Dataset records
--------

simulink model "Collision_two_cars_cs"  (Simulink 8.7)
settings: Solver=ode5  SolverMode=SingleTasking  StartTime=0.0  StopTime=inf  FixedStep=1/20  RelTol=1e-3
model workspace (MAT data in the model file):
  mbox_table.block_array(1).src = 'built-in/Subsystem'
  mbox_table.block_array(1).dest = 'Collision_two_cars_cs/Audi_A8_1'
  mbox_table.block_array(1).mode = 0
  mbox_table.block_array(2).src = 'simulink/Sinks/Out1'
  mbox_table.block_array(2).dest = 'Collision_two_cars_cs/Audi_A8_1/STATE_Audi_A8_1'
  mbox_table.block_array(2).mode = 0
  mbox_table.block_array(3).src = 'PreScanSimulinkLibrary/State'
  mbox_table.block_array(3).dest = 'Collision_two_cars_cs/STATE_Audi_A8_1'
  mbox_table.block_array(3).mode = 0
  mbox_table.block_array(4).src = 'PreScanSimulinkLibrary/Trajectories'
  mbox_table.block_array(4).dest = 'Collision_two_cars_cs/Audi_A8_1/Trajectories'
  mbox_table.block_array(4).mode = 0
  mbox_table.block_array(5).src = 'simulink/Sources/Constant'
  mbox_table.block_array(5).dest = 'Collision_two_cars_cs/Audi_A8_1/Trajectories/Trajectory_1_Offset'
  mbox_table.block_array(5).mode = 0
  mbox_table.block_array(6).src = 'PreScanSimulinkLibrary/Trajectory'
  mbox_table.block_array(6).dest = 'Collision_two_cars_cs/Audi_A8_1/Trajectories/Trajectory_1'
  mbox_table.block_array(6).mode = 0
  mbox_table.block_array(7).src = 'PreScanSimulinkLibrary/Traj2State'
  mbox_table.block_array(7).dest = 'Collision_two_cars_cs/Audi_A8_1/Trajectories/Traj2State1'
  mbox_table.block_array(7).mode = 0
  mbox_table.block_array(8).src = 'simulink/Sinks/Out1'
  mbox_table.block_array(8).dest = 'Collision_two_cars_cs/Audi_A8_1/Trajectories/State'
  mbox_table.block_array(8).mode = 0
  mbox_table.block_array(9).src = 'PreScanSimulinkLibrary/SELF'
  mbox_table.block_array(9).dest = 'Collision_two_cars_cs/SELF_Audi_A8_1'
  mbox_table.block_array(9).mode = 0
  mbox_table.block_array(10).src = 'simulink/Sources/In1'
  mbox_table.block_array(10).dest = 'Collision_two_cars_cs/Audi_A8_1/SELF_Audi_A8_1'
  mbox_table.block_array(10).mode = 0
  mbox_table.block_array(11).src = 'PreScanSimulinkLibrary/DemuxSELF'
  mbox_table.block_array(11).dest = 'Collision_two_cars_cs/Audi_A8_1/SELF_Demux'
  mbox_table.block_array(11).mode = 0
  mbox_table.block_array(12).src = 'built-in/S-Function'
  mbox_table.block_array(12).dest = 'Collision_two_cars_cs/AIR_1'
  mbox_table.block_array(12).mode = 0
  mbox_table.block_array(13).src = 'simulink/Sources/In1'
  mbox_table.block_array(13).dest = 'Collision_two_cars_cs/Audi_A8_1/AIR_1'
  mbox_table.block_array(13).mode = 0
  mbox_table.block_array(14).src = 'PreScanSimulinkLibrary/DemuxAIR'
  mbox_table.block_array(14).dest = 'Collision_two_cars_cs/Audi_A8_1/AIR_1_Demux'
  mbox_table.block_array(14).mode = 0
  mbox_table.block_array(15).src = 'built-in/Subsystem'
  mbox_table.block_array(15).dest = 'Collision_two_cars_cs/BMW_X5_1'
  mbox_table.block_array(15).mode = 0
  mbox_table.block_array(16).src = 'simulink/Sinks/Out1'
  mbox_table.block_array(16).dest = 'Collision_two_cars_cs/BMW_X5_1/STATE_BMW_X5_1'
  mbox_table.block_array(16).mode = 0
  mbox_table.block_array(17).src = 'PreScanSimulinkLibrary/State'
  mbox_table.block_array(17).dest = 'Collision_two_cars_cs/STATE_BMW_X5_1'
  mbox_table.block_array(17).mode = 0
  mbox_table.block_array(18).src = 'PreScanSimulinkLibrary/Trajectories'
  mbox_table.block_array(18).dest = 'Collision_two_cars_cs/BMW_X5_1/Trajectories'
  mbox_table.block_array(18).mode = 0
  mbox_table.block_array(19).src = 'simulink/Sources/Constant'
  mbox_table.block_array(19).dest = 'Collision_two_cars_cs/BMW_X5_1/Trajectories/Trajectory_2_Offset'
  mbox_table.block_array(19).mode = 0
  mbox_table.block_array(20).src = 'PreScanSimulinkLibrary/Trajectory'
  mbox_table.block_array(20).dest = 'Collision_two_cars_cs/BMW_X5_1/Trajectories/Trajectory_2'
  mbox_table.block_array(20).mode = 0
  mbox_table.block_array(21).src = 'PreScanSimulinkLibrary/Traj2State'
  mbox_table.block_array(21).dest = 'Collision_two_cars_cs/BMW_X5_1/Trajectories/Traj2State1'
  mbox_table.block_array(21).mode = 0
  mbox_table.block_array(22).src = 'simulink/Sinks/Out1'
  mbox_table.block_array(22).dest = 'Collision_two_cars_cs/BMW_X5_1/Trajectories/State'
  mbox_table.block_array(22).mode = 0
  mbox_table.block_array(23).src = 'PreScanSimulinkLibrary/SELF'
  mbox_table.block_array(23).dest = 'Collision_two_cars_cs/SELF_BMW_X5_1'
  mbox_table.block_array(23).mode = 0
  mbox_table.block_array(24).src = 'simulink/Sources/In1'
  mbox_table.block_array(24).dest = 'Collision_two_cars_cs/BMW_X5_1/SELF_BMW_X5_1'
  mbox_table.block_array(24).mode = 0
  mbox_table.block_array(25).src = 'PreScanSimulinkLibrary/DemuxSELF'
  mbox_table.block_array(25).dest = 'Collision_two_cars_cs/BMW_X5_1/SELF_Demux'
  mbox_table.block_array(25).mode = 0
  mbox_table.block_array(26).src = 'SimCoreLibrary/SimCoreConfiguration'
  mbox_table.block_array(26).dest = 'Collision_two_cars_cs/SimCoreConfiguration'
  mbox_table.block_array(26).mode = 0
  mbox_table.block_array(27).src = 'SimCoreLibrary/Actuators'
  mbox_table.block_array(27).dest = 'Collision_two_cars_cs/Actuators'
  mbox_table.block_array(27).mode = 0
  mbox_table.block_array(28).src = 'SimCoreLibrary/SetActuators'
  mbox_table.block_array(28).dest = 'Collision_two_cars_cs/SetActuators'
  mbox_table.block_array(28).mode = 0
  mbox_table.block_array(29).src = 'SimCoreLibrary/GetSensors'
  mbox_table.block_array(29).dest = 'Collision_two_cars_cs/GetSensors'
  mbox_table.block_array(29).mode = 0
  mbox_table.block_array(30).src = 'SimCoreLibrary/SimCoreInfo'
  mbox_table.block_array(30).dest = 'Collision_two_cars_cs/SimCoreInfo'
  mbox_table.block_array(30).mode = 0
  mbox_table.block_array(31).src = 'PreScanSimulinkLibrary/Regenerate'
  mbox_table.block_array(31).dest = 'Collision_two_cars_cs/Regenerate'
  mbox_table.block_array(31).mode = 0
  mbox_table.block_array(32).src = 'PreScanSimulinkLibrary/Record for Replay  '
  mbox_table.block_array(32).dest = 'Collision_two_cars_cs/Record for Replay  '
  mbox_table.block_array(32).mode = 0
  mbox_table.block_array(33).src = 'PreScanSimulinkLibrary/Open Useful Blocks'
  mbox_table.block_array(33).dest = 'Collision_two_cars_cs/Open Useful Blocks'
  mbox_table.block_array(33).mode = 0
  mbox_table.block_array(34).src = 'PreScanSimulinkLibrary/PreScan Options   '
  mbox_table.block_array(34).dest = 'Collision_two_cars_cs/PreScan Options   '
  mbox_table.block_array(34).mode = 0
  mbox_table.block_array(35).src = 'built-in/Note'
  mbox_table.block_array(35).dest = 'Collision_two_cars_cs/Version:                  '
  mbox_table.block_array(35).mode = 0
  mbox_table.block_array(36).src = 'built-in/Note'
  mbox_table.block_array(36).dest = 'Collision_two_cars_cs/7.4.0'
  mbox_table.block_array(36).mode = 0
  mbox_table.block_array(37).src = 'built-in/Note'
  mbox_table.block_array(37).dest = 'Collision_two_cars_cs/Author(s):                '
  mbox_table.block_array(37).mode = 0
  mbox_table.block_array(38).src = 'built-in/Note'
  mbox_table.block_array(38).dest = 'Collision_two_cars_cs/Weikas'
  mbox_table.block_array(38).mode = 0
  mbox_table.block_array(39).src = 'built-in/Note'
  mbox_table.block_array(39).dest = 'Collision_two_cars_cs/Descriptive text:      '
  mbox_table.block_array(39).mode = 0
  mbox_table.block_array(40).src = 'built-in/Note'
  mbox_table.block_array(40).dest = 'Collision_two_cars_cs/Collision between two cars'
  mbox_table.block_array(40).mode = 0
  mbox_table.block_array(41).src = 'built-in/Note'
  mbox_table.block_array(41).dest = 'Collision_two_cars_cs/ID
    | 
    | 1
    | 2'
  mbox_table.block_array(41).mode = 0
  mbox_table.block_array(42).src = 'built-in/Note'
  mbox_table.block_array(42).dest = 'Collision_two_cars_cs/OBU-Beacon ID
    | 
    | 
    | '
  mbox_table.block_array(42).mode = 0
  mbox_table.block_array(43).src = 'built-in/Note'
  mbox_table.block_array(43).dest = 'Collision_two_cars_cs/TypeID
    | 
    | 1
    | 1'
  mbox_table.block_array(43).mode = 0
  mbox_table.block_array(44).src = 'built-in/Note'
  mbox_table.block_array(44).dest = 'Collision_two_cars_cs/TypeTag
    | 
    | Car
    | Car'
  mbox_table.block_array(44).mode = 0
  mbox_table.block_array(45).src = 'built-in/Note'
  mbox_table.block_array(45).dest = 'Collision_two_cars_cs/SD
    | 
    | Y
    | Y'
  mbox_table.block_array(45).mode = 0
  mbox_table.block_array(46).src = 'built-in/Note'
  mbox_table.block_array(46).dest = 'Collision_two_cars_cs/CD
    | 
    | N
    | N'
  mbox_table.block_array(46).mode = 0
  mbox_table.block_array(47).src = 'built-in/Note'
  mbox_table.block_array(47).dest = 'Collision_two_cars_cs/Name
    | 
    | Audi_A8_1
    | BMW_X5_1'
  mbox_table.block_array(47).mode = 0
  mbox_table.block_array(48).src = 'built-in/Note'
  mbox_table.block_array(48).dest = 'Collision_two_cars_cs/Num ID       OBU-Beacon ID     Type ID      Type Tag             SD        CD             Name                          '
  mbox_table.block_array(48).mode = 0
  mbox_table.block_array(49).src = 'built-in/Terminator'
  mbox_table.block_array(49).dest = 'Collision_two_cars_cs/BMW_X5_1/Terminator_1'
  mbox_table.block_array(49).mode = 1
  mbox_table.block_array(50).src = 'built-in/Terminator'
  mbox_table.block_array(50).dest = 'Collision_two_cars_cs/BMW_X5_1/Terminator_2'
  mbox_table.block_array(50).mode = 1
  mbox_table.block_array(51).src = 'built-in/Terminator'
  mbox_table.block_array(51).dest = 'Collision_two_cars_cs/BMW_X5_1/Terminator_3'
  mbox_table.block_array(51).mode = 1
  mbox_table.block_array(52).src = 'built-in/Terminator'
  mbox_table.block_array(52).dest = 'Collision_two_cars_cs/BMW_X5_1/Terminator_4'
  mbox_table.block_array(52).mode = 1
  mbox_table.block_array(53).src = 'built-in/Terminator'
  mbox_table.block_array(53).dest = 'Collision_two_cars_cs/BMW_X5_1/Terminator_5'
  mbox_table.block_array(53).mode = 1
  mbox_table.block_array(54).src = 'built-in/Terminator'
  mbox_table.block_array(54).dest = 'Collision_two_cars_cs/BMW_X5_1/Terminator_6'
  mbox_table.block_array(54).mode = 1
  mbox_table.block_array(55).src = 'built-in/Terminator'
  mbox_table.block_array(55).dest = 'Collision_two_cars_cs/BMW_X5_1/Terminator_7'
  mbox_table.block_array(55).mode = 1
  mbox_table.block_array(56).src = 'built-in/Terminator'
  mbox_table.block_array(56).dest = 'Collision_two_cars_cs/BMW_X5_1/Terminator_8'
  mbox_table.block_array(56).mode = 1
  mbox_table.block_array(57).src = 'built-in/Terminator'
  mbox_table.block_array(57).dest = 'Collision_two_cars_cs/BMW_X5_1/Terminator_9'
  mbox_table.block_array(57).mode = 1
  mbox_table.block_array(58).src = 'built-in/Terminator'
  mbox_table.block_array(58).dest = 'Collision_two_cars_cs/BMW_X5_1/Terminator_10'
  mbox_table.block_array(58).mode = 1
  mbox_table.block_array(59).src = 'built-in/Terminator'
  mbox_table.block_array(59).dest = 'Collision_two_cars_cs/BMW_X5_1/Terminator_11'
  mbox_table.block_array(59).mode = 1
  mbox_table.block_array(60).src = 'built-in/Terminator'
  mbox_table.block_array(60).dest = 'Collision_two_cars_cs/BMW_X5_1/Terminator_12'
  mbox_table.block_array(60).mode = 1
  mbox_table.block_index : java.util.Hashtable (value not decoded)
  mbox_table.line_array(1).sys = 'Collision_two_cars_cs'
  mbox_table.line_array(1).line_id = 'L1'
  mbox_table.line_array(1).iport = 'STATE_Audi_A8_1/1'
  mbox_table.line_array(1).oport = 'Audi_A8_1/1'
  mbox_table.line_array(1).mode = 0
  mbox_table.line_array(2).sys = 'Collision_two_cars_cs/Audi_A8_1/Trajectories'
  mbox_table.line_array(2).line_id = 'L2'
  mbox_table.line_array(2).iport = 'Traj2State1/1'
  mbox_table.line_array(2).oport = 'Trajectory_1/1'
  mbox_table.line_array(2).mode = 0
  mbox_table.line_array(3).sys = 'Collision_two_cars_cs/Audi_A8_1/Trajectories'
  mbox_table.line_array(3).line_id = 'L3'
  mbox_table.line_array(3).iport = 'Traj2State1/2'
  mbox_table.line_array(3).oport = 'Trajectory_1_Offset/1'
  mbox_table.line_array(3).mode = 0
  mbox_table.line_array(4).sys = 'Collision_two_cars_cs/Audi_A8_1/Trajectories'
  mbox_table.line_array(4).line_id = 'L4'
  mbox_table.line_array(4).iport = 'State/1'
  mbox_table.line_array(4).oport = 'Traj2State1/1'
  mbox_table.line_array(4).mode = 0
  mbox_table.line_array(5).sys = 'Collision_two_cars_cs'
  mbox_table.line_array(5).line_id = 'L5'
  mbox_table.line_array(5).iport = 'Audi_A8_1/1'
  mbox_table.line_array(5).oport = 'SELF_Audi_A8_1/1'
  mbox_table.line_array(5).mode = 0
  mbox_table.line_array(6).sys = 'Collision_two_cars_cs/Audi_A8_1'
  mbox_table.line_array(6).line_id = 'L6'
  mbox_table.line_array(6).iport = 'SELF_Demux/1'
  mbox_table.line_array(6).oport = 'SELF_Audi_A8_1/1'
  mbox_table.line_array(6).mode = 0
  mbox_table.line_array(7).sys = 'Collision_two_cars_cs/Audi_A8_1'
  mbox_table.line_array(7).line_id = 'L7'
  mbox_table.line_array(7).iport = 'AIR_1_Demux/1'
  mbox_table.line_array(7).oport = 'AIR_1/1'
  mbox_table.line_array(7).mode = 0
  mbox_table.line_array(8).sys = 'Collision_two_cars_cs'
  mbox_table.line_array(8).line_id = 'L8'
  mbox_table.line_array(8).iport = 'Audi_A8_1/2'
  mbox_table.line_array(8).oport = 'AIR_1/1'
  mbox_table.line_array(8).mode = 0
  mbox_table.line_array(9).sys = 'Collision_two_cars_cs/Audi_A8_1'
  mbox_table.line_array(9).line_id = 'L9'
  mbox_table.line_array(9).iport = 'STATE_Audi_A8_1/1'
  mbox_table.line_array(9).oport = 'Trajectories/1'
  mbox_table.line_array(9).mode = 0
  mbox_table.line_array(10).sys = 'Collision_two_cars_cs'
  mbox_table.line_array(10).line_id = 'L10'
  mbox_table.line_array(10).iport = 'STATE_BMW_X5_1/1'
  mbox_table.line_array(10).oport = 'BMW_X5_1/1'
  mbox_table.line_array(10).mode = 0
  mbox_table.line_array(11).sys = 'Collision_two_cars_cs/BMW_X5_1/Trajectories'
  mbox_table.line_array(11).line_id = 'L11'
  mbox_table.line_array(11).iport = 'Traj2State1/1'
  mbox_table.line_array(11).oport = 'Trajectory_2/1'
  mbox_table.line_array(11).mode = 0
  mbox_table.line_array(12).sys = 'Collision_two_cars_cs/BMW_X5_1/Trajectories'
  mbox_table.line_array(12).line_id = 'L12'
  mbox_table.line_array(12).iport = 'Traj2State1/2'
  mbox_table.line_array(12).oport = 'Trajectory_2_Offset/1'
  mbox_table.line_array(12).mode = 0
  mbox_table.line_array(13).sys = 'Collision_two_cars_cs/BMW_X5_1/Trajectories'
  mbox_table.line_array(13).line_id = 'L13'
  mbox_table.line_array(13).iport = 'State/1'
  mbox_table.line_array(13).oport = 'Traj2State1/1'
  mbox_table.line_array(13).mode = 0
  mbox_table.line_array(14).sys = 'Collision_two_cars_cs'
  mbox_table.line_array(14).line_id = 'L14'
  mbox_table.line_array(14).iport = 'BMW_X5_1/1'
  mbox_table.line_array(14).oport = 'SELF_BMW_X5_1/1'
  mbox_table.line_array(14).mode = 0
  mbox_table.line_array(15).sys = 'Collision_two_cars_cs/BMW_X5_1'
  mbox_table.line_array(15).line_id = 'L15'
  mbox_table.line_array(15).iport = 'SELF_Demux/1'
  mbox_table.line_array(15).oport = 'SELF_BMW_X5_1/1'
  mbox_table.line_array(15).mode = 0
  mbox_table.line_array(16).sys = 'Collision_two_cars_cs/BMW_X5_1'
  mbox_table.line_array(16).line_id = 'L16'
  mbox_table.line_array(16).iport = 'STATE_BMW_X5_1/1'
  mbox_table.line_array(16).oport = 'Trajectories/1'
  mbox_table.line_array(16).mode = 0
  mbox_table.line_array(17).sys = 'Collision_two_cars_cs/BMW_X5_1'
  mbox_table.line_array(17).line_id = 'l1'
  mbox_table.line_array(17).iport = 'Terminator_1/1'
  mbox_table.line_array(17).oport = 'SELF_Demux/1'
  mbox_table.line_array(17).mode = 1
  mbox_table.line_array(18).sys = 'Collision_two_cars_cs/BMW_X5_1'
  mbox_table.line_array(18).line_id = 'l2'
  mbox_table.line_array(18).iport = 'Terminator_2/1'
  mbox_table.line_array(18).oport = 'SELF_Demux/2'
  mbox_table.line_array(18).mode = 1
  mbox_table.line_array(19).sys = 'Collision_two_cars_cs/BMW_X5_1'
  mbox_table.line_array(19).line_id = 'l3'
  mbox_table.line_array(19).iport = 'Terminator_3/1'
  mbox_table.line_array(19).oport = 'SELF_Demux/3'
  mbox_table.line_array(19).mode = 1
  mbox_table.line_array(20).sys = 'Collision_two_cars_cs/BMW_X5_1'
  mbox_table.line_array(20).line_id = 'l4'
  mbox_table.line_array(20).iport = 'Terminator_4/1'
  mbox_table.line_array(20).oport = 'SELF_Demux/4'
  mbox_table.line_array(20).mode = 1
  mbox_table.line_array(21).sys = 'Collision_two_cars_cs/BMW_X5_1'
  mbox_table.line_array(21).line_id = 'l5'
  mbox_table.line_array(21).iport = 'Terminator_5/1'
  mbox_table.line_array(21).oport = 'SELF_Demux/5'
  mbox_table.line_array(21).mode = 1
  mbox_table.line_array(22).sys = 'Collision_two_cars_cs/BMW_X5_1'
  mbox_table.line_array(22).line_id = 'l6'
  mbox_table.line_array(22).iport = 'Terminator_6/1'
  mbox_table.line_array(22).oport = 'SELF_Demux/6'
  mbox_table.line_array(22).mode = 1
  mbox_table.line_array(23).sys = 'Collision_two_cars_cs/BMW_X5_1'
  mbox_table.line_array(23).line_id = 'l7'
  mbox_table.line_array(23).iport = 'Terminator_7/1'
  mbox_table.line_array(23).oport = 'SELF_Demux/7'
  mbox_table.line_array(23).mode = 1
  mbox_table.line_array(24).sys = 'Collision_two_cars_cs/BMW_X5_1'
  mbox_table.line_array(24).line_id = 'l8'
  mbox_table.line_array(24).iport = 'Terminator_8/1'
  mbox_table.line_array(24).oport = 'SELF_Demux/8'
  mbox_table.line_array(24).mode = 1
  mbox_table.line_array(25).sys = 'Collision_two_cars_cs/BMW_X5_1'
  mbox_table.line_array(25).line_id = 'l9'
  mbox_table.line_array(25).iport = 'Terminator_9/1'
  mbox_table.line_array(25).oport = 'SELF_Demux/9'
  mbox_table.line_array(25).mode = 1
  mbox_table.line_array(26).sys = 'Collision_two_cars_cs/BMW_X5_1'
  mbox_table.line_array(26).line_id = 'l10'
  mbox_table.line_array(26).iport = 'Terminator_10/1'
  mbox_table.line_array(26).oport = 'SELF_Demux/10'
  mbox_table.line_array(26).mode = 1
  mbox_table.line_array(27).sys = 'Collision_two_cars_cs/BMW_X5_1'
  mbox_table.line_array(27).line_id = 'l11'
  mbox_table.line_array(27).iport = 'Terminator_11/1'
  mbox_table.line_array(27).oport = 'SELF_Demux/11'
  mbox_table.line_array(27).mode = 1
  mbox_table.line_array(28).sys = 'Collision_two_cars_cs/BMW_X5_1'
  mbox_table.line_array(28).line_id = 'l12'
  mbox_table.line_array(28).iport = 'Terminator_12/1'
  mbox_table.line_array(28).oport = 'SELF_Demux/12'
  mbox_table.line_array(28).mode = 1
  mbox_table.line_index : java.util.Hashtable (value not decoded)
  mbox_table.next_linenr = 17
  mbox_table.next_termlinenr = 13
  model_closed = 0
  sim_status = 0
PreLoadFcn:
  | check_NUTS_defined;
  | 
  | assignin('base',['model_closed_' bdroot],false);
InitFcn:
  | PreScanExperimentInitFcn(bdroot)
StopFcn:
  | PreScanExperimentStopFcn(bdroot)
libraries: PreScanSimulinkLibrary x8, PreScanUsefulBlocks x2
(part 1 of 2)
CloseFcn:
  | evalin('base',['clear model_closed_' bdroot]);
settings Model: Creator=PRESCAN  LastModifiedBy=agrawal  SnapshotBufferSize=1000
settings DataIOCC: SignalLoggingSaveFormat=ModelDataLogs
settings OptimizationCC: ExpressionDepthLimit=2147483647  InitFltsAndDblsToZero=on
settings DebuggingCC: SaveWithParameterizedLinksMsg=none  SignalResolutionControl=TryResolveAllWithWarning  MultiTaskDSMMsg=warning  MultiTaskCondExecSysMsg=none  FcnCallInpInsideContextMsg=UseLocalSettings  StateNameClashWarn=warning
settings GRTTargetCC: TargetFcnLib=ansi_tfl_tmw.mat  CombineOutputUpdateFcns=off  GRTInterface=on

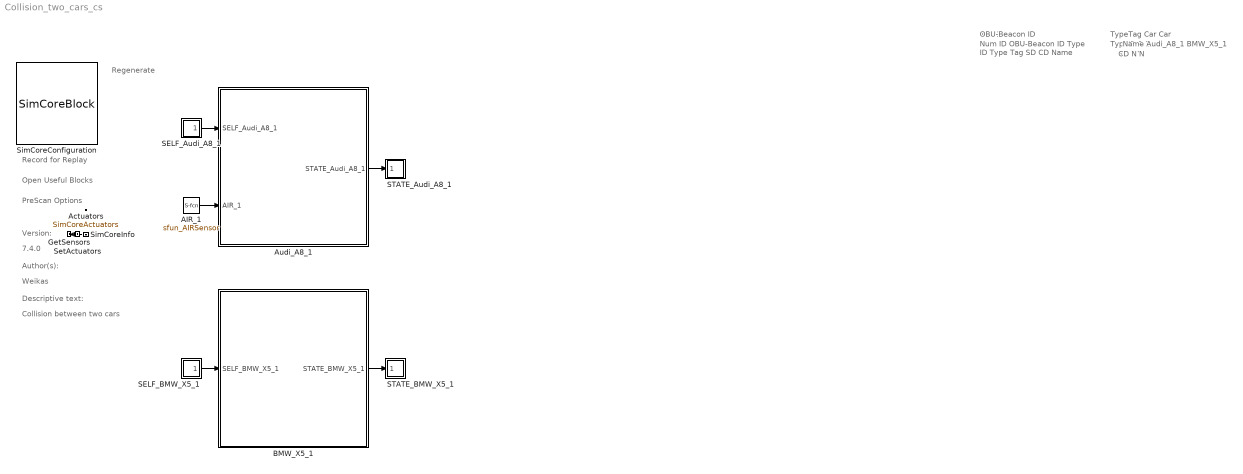
== system Collision_two_cars_cs ==
  note: Regenerate
  note: Record for Replay
  note: Open Useful Blocks
  note: PreScan Options
  note: Version:
  note: 7.4.0
  note: Author(s):
  note: Weikas
  note: Descriptive text:
  note: Collision between two cars
  note: Num ID OBU-Beacon ID Type ID Type Tag SD CD Name
  note: ID
      |
      | 1
      | 2
  note: OBU-Beacon ID
  note: TypeID
      |
      | 1
      | 1
  note: TypeTag
      |
      | Car
      | Car
  note: SD
      |
      | Y
      | Y
  note: CD
      |
      | N
      | N
  note: Name
      |
      | Audi_A8_1
      | BMW_X5_1
  AIR_1 : S-Function  Priority=3  LoadFcn=load('PrescanAIRSensorData.mat');load('PrescanAIRSensorMessage.mat')  FunctionName=sfun_AIRSensor  Parameters=timestepMask maxInputMessages maxOutputMessages sensorID detectableObjects  SFunctionDeploymentMode=off  EnableBusSupport=off  mask{timestepMask=1/20, maxInputMessages=0, maxOutputMessages=1, sensorID=161, detectableObjects=1}
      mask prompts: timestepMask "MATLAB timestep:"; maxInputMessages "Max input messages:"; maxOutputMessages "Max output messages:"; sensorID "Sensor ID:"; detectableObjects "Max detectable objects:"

--------

Work to be completed
Word for word, restate the lines above from the line containing "mbox_table.line_array(9).mode = 0" through the line containing "mbox_table.line_array(11).line_id = 'L11'", with both included and nothing else.

Answer to this task
  mbox_table.line_array(9).mode = 0
  mbox_table.line_array(10).sys = 'Collision_two_cars_cs'
  mbox_table.line_array(10).line_id = 'L10'
  mbox_table.line_array(10).iport = 'STATE_BMW_X5_1/1'
  mbox_table.line_array(10).oport = 'BMW_X5_1/1'
  mbox_table.line_array(10).mode = 0
  mbox_table.line_array(11).sys = 'Collision_two_cars_cs/BMW_X5_1/Trajectories'
  mbox_table.line_array(11).line_id = 'L11'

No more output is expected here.